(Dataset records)
* * *

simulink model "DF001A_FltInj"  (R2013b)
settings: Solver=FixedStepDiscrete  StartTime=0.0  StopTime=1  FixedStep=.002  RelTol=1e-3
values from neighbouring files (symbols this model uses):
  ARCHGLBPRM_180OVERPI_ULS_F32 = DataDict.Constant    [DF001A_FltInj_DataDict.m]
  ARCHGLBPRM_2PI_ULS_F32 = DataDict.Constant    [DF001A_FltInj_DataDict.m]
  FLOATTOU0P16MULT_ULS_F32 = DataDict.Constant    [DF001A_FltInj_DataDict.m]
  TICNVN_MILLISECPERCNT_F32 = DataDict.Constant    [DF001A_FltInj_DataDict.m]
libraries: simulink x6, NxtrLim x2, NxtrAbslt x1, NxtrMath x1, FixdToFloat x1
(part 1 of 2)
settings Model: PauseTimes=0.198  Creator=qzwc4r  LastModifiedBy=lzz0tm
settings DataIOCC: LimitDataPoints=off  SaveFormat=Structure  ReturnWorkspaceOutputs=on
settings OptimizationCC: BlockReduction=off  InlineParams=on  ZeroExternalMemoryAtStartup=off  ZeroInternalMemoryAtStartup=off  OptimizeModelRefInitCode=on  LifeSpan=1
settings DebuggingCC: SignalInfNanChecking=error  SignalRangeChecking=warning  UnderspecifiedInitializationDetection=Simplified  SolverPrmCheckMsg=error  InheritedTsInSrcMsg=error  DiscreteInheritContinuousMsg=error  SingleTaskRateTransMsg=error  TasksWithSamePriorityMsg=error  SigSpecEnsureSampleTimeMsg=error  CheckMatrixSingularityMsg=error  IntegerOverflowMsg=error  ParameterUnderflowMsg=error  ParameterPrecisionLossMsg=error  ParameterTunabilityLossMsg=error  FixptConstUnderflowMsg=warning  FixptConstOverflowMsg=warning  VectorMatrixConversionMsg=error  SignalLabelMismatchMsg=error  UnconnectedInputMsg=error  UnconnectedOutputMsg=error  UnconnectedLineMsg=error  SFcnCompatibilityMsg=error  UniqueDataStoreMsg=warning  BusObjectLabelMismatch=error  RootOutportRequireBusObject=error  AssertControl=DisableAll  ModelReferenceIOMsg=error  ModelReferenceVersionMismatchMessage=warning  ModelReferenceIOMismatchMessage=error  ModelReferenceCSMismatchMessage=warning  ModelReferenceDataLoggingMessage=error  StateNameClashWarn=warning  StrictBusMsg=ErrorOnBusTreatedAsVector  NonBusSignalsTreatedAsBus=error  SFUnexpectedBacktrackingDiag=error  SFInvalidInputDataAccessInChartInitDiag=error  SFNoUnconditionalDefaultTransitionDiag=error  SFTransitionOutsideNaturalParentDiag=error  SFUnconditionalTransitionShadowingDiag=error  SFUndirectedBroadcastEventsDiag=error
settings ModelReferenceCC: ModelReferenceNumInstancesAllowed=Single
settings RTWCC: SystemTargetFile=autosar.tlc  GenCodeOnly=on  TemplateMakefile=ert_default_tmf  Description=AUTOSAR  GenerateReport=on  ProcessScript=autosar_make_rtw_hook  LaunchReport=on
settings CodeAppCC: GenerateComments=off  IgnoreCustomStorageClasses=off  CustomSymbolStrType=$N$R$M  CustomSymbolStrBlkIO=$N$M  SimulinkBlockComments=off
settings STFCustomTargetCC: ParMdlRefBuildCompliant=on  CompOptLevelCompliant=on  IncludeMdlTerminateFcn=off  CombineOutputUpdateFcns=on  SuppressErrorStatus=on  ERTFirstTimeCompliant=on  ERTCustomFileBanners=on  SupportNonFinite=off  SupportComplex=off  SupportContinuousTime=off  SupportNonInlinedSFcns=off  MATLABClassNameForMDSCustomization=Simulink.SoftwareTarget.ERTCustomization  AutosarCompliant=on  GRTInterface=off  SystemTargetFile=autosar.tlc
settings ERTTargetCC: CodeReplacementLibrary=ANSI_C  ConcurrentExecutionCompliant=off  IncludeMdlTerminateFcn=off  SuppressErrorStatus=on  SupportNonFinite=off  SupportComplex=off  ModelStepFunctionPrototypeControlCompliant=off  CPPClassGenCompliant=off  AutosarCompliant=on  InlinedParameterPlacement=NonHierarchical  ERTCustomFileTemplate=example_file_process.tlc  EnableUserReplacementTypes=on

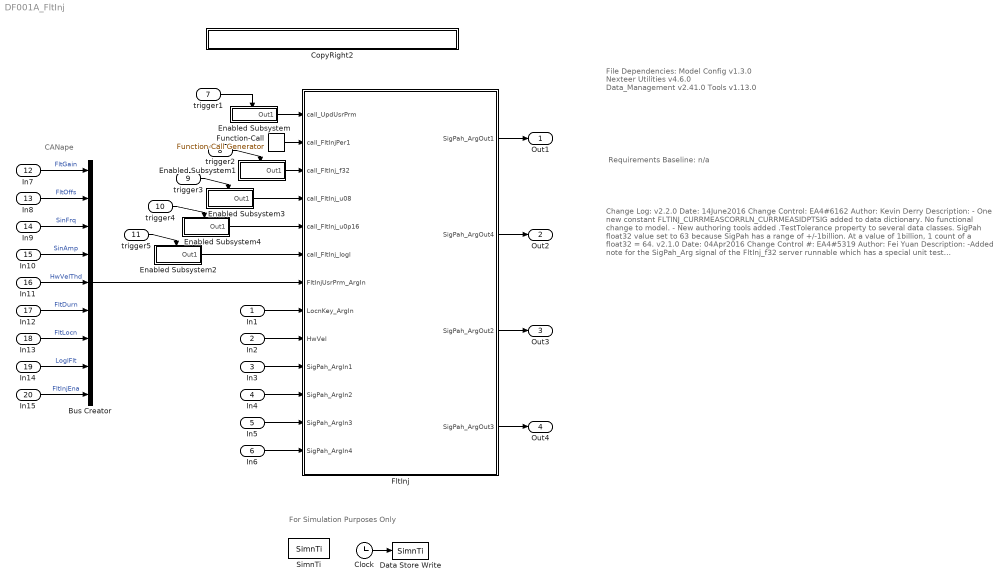
== system DF001A_FltInj ==
  note: CANape
  note: File Dependencies:
      |
      | Model Config v1.3.0
      | Nexteer Utilities v4.6.0
      | Data_Management v2.41.0
      | Tools v1.13.0
  note: Requirements Baseline: n/a
  note: Change Log:
      |
      | v2.2.0
      | Date: 14June2016
      | Change Control:  EA4#6162
      | Author:  Kevin Derry
      | Description:
      | - One new constant FLTINJ_CURRMEASCORRLN_CURRMEASIDPTSIG
      |   added to data dictionary.  No functional change to model.
      | - New authoring tools added .TestTolerance property to several data classes.
      |   SigPah float32 value set to 63 because SigPah has a range of +/-1billion.
      |   At a value of 1billion, 1 count of a float32 = 64.
      |
      | v2.1.0
      | Date: 04Apr2016
      | Change Control #: EA4#5319
      | Author: Fei Yuan
      | Description:
      | -Added note for the SigPah_Arg signal of the FltInj_f32 server runnable
      |  which has a special unit test consideration.
      | - Updated the range for the SigPah_Arg signal of the FltInj_u08 server
      |  runnable to 0-255.
      | - Removed the check for (FltInjUsrPrm.FltInjEna == TRUE) in the
      |   "else if" path.
      | - Added "Cnt" as the DocUnits of FltInjUsrPrm.
      |
      | v2.0.0
      | Change Control #:  EA4#3116
      | Author:  Kevin Derry
      | - New constant FLTINJ_TQOSCN_PREFINALCMD
      | - All constants .DocUnits changed from 'Uls' to 'Cnt' (should
      |   cause no effect on system)
      | - No functional changes to model.
      |
      | v1.1.0
      | Date: 26Aug2015
      | Change Control #: EA4#951
      | Author: Kevin Derry
      | Description:
      | - All InOut server arguments renamed to 'SigPah'.
      | - All PIM names now start with 'FltInj' because code is
      |     really using EA3-style module level variables.
      | - FLOATTOU0P16MULT_ULS_F32 was 65535, now 65536.
      | - Removed all requirements links.
      |
      | v1.0.0
      | Date: 21Aug2015
      | Change Control #: EA4#951
      | Author: Kevin Derry
      | Description:
      | - Initial Release
  note: For Simulation Purposes Only
  In1 : Inport
  In2 : Inport  Port=2
  In3 : Inport  Port=3
  In4 : Inport  Port=4
  In5 : Inport  Port=5
  In6 : Inport  Port=6
  trigger1 : Inport  Port=7
  trigger2 : Inport  Port=8
  trigger3 : Inport  Port=9
  trigger4 : Inport  Port=10
  trigger5 : Inport  Port=11
  In7 : Inport  Port=12
  In8 : Inport  Port=13
  In9 : Inport  Port=14
  In10 : Inport  Port=15
  In11 : Inport  Port=16
  In12 : Inport  Port=17
  In13 : Inport  Port=18
  In14 : Inport  Port=19
  In15 : Inport  Port=20
  Bus Creator : BusCreator  Inputs=9  OutDataTypeStr=Bus: FltInjUsrPrmRec1  NonVirtualBus=on
  Clock : Clock
  CopyRight2 : Subsystem  Description=|  mask(Copyright Information){none=on}
      | Copyright info block.                                               
      |                                                                     
      | Place copyright information at the top of every subsystem in design.
      mask prompts: none "No parameters"
      mask help: Place copyright information at the top of every subsystem in design.
      mask Display:
      | NxtrConf = 'Nexteer Confidential';
      | 
      | sys = bdroot; %handle for the current model ("system")
      | first = get_param(sys,'Created');
      | if(isempty(first))
      |     first = datestr(now,'yyyy');
      | else
      |     first = first(end-3:end);  %year is last four digits
      | end
      | 
      | last = get_param(sys,'LastModifiedDate');
      | if isempty(last)
      |     last = datestr(now,'yyyy');
      | else
      |     last = last(end-3:end);
      | end
      | 
      | if strcmp(first,last)
      |     fprintf('%s -- Copyright %s Nexteer',NxtrConf,first)
      | else
      |     fprintf('%s -- %s%s- %s Nexteer',NxtrConf,char(169),first,last)
      | end
  Data Store Write : DataStoreWrite  DataStoreName=SimnTi
  Enabled Subsystem : Subsystem  TreatAsAtomicUnit=on
  Enabled Subsystem1 : Subsystem  TreatAsAtomicUnit=on
  Enabled Subsystem2 : Subsystem  TreatAsAtomicUnit=on
  Enabled Subsystem3 : Subsystem  TreatAsAtomicUnit=on
  Enabled Subsystem4 : Subsystem  TreatAsAtomicUnit=on
  FltInj : Subsystem
      settings: AttributesFormatString=%<Tag>
  Function-Call : simulink/Ports & Subsystems/Function-Call Generator  sample_time=.002  numberOfIterations=1
  SimnTi : DataStoreMemory  DataStoreName=SimnTi
  Out1 : Outport
  Out2 : Outport  Port=2
  Out3 : Outport  Port=3
  Out4 : Outport  Port=4
  wires:
  Bus Creator/1 -> FltInj/7(FltInjUsrPrm_ArgIn)
  FltInj/1(SigPah_ArgOut1) -> Out1/1
  FltInj/2(SigPah_ArgOut4) -> Out2/1
  Function-Call/1 -> FltInj/2(call_FltInjPer1)
  Enabled Subsystem/1(Out1) -> FltInj/1(call_UpdUsrPrm)
  Enabled Subsystem1/1(Out1) -> FltInj/3(call_FltInj_f32)
  Enabled Subsystem2/1(Out1) -> FltInj/6(call_FltInj_logl)
  In3/1 -> FltInj/10(SigPah_ArgIn1)
  In1/1 -> FltInj/8(LocnKey_ArgIn)
  In2/1 -> FltInj/9(HwVel)
  In6/1 -> FltInj/13(SigPah_ArgIn4)
  Clock/1 -> Data Store Write/1
  FltInj/3(SigPah_ArgOut2) -> Out3/1
  FltInj/4(SigPah_ArgOut3) -> Out4/1
  Enabled Subsystem3/1(Out1) -> FltInj/4(call_FltInj_u08)
  Enabled Subsystem4/1(Out1) -> FltInj/5(call_FltInj_u0p16)
  trigger1/1 -> Enabled Subsystem/Enable
  trigger2/1 -> Enabled Subsystem1/Enable
  trigger3/1 -> Enabled Subsystem3/Enable
  trigger4/1 -> Enabled Subsystem4/Enable
  trigger5/1 -> Enabled Subsystem2/Enable
  In4/1 -> FltInj/11(SigPah_ArgIn2)
  In5/1 -> FltInj/12(SigPah_ArgIn3)
  In15/1 -> Bus Creator/9  "FltInjEna"
  In14/1 -> Bus Creator/8  "LoglFlt"
  In10/1 -> Bus Creator/4  "SinAmp"
  In9/1 -> Bus Creator/3  "SinFrq"
  In8/1 -> Bus Creator/2  "FltOffs"
  In7/1 -> Bus Creator/1  "FltGain"
  In11/1 -> Bus Creator/5  "HwVelThd"
  In12/1 -> Bus Creator/6  "FltDurn"
  In13/1 -> Bus Creator/7  "FltLocn"

== system DF001A_FltInj/CopyRight2 ==

== system DF001A_FltInj/Enabled Subsystem ==
  Enable : EnablePort
  Function-Call : simulink/Ports & Subsystems/Function-Call Generator  sample_time=.002  numberOfIterations=1
  Out1 : Outport
  wires:
  Function-Call/1 -> Out1/1

== system DF001A_FltInj/Enabled Subsystem1 ==
  Enable : EnablePort
  Function-Call : simulink/Ports & Subsystems/Function-Call Generator  sample_time=.002  numberOfIterations=1
  Out1 : Outport
  wires:
  Function-Call/1 -> Out1/1

== system DF001A_FltInj/Enabled Subsystem2 ==
  Enable : EnablePort
  Function-Call : simulink/Ports & Subsystems/Function-Call Generator  sample_time=.002  numberOfIterations=1
  Out1 : Outport
  wires:
  Function-Call/1 -> Out1/1

== system DF001A_FltInj/Enabled Subsystem3 ==
  Enable : EnablePort
  Function-Call : simulink/Ports & Subsystems/Function-Call Generator  sample_time=.002  numberOfIterations=1
  Out1 : Outport
  wires:
  Function-Call/1 -> Out1/1

== system DF001A_FltInj/Enabled Subsystem4 ==
  Enable : EnablePort
  Function-Call : simulink/Ports & Subsystems/Function-Call Generator  sample_time=.002  numberOfIterations=1
  Out1 : Outport
  wires:
  Function-Call/1 -> Out1/1

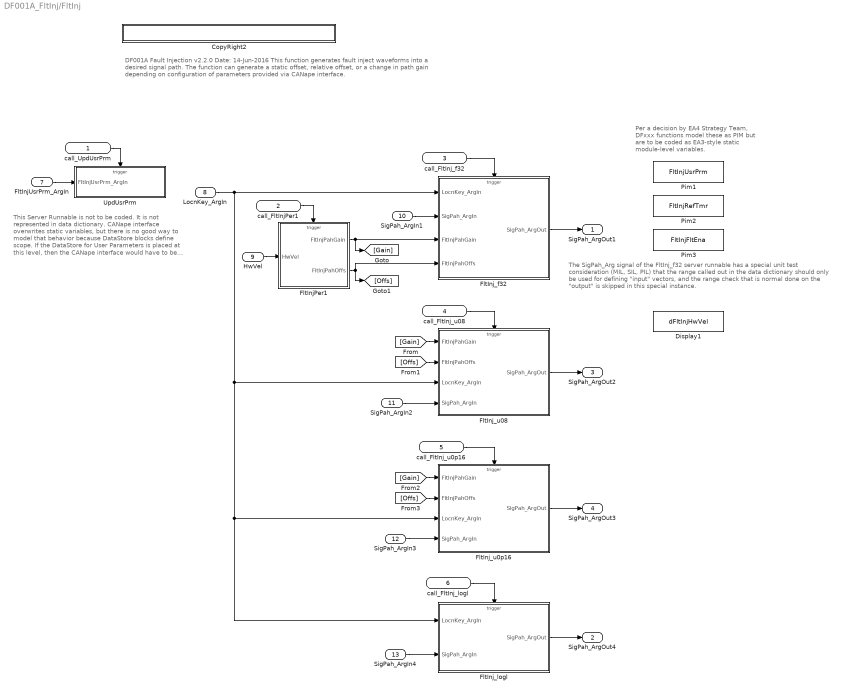
== system DF001A_FltInj/FltInj ==
  note: The SigPah_Arg signal of the FltInj_f32 server runnable has a special unit test
      | consideration (MIL, SIL, PIL) that the range called out in the data dictionary
      | should only be used for defining "input" vectors, and the range check that is normal
      |  done on the "output" is skipped in this special instance.
  note: Per a decision by EA4 Strategy Team,
      | DFxxx functions model these as PIM
      | but are to be coded as EA3-style
      | static module-level variables.
  note: This Server Runnable is not to be coded.
      | It is not represented in data dictionary.
      | CANape interface overwrites static variables,
      | but there is no good way to model that behavior
      | because DataStore blocks define scope.  If the
      | DataStore for User Parameters is placed at this
      | level, then the CANape interface would have to
      | be modeled at this level (inside the component).
  note: DF001A  Fault Injection
      | v2.2.0      Date: 14-Jun-2016
      |
      | This function generates fault inject waveforms into a desired signal path.  The function can generate a static offset, relative offset,
      | or a change in path gain depending on configuration of parameters provided via CANape interface.
  call_UpdUsrPrm : Inport
  call_FltInjPer1 : Inport  RequirementInfo={} %GIDa_20e234b7_6337_4616_ac07_9d9d8320cb43  Port=2
  call_FltInj_f32 : Inport  Port=3
  call_FltInj_u08 : Inport  Port=4
  call_FltInj_u0p16 : Inport  Port=5
  call_FltInj_logl : Inport  Port=6
  FltInjUsrPrm_ArgIn : Inport  Port=7
  LocnKey_ArgIn : Inport  Port=8
  HwVel : Inport  Port=9
  SigPah_ArgIn1 : Inport  Port=10
  SigPah_ArgIn2 : Inport  Port=11
  SigPah_ArgIn3 : Inport  Port=12
  SigPah_ArgIn4 : Inport  Port=13
  CopyRight2 : Subsystem  Description=|  mask(Copyright Information){none=on}
      | Copyright info block.                                               
      |                                                                     
      | Place copyright information at the top of every subsystem in design.
      mask prompts: none "No parameters"
      mask help: Place copyright information at the top of every subsystem in design.
      mask Display:
      | NxtrConf = 'Nexteer Confidential';
      | 
      | sys = bdroot; %handle for the current model ("system")
      | first = get_param(sys,'Created');
      | if(isempty(first))
      |     first = datestr(now,'yyyy');
      | else
      |     first = first(end-3:end);  %year is last four digits
      | end
      | 
      | last = get_param(sys,'LastModifiedDate');
      | if isempty(last)
      |     last = datestr(now,'yyyy');
      | else
      |     last = last(end-3:end);
      | end
      | 
      | if strcmp(first,last)
      |     fprintf('%s -- Copyright %s Nexteer',NxtrConf,first)
      | else
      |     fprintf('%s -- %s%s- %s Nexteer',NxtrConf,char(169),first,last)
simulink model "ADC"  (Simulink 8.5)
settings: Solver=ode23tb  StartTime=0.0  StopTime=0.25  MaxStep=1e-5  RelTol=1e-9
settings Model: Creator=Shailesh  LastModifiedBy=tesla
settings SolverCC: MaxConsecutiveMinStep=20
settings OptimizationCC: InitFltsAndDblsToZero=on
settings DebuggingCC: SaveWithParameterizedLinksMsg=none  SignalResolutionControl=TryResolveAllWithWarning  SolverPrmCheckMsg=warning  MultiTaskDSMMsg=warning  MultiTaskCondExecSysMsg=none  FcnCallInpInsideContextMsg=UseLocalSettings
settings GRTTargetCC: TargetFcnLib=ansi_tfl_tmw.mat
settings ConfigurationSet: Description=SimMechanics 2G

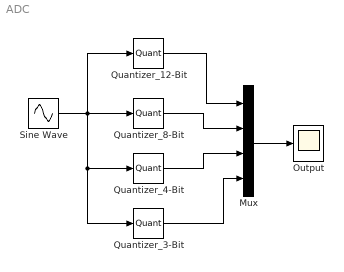
== system ADC ==
  Mux : Mux
  Output : Scope
      settings: YMin=10  YMax=16  MaxDataPoints=5000000
  Quantizer_12-Bit : Quantizer  QuantizationInterval=5/4095
  Quantizer_3-Bit : Quantizer  QuantizationInterval=5/8
  Quantizer_4-Bit : Quantizer  QuantizationInterval=5/15
  Quantizer_8-Bit : Quantizer  QuantizationInterval=5/255
  Sine Wave : Sin  Amplitude=2.5  Frequency=377  SampleTime=0
  wires:
  Sine Wave/1 -> Quantizer_3-Bit/1, Quantizer_4-Bit/1, Quantizer_12-Bit/1, Quantizer_8-Bit/1
  Quantizer_12-Bit/1 -> Mux/1
  Quantizer_8-Bit/1 -> Mux/2
  Quantizer_4-Bit/1 -> Mux/3
  Mux/1 -> Output/1
  Quantizer_3-Bit/1 -> Mux/4

* * *

[Try it] A single number is the whole answer: how many lines in the data above hold the string "Removed".

[Solution for this exercise] 2